## LISTED ENTRIES:
= Beginning of Section =
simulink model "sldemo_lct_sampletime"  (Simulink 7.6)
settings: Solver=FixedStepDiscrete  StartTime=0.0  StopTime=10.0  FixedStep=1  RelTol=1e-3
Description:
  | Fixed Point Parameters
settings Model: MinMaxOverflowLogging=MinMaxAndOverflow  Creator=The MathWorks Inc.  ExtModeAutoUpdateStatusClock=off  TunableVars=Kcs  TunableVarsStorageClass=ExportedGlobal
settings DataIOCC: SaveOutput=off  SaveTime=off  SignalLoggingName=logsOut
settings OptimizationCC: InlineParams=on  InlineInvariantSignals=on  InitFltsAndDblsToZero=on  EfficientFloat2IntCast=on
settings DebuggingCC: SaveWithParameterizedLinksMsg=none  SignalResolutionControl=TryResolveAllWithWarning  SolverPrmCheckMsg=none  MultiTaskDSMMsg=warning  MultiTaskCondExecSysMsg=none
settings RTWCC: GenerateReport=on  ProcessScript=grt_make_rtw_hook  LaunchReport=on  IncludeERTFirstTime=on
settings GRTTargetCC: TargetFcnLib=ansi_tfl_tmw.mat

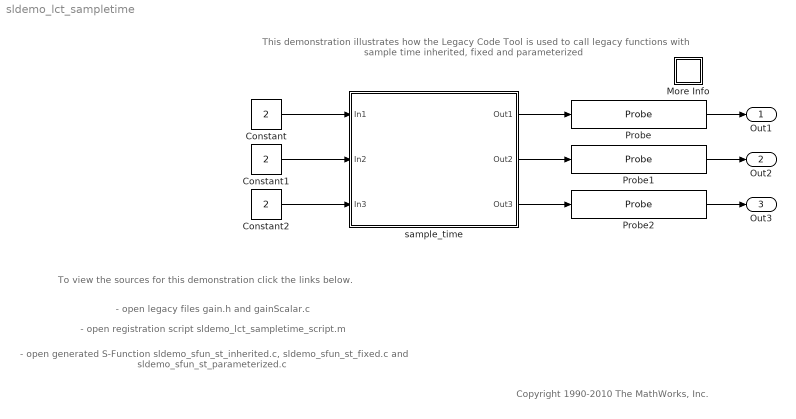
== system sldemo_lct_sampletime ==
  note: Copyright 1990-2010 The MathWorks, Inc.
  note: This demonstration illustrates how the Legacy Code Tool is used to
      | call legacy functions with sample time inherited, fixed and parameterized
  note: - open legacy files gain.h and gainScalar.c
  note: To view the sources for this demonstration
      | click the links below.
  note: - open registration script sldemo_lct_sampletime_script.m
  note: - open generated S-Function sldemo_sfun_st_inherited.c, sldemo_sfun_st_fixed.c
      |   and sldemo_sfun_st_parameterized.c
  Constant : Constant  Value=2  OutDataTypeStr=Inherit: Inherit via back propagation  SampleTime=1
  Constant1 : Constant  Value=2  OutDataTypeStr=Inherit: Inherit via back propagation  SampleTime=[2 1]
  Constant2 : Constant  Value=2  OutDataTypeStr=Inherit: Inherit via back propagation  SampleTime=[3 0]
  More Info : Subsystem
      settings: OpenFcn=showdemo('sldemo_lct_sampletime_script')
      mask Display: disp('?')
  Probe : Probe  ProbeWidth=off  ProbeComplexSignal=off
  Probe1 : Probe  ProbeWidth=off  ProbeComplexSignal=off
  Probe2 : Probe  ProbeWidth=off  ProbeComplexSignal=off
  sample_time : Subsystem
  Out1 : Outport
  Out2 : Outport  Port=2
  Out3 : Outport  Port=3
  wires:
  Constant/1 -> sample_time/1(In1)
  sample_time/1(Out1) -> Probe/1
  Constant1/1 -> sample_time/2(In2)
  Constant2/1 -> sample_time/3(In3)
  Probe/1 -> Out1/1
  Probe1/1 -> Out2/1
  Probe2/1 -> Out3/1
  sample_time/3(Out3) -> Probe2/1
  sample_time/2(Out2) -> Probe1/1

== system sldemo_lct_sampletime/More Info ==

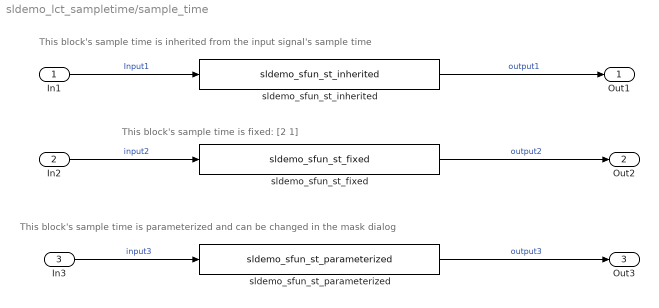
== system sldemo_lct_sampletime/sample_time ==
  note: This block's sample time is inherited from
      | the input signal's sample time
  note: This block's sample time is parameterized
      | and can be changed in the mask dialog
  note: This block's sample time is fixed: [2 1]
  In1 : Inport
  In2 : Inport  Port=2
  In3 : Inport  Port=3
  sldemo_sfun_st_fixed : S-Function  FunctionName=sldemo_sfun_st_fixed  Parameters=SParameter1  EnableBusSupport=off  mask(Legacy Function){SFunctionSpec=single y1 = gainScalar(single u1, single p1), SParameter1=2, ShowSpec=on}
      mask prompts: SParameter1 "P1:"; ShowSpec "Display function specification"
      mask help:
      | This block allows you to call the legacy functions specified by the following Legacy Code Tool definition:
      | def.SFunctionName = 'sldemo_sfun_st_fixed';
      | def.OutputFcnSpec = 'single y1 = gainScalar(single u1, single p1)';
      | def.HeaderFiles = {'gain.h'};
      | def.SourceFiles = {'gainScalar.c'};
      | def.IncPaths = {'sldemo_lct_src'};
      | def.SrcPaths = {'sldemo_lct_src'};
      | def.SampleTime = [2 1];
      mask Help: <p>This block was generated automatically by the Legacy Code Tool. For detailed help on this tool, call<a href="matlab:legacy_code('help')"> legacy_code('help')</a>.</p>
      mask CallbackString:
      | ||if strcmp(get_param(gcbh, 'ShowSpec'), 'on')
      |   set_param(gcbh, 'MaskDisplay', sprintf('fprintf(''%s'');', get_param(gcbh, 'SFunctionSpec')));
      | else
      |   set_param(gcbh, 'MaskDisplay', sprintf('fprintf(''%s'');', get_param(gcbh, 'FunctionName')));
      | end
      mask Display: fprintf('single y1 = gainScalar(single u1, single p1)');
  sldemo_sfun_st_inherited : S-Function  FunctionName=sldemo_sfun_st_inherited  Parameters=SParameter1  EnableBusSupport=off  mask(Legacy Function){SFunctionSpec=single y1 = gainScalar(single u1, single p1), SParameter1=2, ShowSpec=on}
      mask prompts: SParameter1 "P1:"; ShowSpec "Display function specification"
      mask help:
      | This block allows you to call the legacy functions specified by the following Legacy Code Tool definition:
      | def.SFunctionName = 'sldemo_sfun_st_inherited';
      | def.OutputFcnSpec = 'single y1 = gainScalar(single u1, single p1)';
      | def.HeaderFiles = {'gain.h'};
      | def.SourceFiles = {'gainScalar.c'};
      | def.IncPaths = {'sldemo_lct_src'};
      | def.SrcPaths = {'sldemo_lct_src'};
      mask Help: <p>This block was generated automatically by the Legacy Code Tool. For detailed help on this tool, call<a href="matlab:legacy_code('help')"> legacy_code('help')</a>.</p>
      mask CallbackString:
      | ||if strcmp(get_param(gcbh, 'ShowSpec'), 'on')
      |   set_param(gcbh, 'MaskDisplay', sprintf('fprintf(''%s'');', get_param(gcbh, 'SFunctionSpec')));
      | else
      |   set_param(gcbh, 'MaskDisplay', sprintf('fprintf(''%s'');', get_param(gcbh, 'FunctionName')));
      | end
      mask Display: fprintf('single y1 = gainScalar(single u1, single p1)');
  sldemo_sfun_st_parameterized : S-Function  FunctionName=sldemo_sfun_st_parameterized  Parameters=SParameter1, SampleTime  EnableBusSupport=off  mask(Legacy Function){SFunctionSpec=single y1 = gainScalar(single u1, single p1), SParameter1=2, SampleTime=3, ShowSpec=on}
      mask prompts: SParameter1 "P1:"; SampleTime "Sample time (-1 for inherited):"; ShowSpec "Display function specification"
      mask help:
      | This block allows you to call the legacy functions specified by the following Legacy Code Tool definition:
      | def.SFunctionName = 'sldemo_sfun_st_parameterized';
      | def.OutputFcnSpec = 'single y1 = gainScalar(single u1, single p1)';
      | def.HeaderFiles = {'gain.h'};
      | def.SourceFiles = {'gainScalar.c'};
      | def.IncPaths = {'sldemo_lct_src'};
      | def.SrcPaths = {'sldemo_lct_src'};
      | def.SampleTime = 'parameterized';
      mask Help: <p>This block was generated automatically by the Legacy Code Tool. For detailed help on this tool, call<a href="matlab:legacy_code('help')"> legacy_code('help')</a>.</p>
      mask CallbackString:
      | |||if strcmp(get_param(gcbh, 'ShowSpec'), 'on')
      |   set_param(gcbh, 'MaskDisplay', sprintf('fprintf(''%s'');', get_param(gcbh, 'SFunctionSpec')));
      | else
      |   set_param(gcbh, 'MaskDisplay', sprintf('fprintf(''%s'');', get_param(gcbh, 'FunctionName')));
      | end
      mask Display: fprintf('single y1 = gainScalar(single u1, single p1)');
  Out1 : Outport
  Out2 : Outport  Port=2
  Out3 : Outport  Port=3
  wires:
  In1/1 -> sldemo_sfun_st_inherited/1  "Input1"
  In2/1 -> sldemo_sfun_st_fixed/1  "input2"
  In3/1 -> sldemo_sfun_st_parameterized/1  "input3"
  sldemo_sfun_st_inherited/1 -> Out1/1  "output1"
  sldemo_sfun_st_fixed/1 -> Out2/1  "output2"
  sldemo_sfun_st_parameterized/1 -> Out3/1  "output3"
= End of Section =
## TASK DESCRIPTION:
Provide the number of lines holding the word "settings" within the material, without any other text.

## PROBLEM SOLUTION:
8